The BIA show also told me that he had no intention of marketing Clear Shield there, as no demonstration equipment ever arrived, probably never being ordered. Additionally, no stained glass was ever on display, as he focused on incredibly expensive glass art for display and ran a slide show for people to look at. He also had me talking about cast glass and carved glass which I only learned about while at the show by listening to him and repeating what he said. I was thoroughly unprepared and embarrassed at my lack of knowledge. He said that he expected some $250,000 in Clear Shield bookings, for which I would receive $50,000 in commissions. Right… He hit my button—money—and lied to me. I was so easily taken in by my desperate situation. He never intended for me to sell anything because he never wanted me to. Oh, he said I would get 3% for any art piece sold and then, in the presence of Alan, said I would get $450 for selling Al’s $4500 funky piece (10% not 3%.) So, I said, “$450 for selling it? So, if I can get $500 for it, I still get the $450?” That did him into silence. He didn’t tell me I was to wear dress pants, didn’t tell me I was to be at the show early to handle the VIP’s, didn’t tell me much at all, except to complain that I wasn’t saying the right things about specific art pieces and had Alan lecture me. When I repeated to Alan what I had been saying to people, he agreed I was right all along, a fact I brought up to my shop owner immediately. The next day, he said I was doing really well. I asked him what he meant and he said I was explaining things well and had a real talent for talking to the public. Like I didn’t already know…

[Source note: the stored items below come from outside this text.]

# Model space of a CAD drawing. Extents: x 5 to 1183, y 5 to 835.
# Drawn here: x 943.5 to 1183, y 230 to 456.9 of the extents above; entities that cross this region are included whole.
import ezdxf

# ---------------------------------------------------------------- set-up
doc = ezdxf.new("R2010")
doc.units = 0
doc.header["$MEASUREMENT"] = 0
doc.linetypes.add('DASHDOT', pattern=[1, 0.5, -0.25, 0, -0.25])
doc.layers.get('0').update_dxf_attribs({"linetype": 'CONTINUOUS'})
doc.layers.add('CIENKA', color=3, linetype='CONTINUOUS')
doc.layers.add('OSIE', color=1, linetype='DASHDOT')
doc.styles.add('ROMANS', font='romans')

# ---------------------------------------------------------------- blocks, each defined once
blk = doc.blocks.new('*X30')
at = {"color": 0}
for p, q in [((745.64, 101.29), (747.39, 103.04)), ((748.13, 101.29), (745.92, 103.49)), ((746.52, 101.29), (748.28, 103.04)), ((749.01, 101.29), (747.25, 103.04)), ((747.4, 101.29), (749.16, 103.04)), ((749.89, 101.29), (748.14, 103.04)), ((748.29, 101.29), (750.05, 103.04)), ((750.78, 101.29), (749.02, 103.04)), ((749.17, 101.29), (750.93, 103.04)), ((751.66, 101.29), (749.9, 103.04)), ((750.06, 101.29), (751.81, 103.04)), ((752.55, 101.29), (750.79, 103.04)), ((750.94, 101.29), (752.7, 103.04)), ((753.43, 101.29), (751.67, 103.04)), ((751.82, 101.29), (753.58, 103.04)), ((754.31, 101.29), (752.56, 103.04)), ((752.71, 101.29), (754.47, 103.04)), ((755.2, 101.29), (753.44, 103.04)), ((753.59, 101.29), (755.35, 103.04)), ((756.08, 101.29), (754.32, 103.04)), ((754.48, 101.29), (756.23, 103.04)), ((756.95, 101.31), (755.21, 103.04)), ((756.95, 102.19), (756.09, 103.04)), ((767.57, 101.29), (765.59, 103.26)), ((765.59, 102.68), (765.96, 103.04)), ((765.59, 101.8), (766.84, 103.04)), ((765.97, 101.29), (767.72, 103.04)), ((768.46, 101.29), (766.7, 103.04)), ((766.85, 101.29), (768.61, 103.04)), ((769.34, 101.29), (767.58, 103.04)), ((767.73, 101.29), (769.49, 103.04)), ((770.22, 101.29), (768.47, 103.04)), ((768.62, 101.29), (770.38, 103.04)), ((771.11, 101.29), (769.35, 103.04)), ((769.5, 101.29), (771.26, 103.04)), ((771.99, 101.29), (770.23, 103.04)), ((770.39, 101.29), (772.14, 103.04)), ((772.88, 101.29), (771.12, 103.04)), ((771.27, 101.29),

I will refuse his offer to learn about Nathan Allen Glass. He’ll want me to call on architects and contractors in the vain hope I can close a few deals far into the future. No thanks… I need to spread my wings. All he has done was allow me to use his shop to fabricate my erotic pieces, for which I paid him some $800 for supplies. He pointed out a newspaper clipping to contact a gallery for possible showing of my works in advance of my upcoming show, for which I made all the arrangements. From that clipping, I made the contact and later, through her, was invited to participate in “Gecko’s in Paradise,” submitting a design concept for a stained glass gecko as a fund raiser for Kapiolani Hospital. I set up and paid for my own web site and for listing it on all the major search engines. I did it all, including engaging the most prominent Hawaii artist, Duane Preble, to guide me, using my attendance in his 1967 UH class, Art 101, as a re-introduction to him. I’ve done it all by myself.

So, I move on. I’ve engaged Lei, his shop manager, to build my pieces when the orders come in. I have a framer ready. Packing and shipping are already set up. Payment methods are on the web site. The show is on for March 29th. My shirts are made. My copper sculptures are designed and one is in fabrication. All done by me…

I’ll mention him no more, forever.

Now, I will frame the show pieces, research the copper pipe and how to frame the fly swatter in it, build a better weaving loom, market my shirts and the various other arts I have so far produced.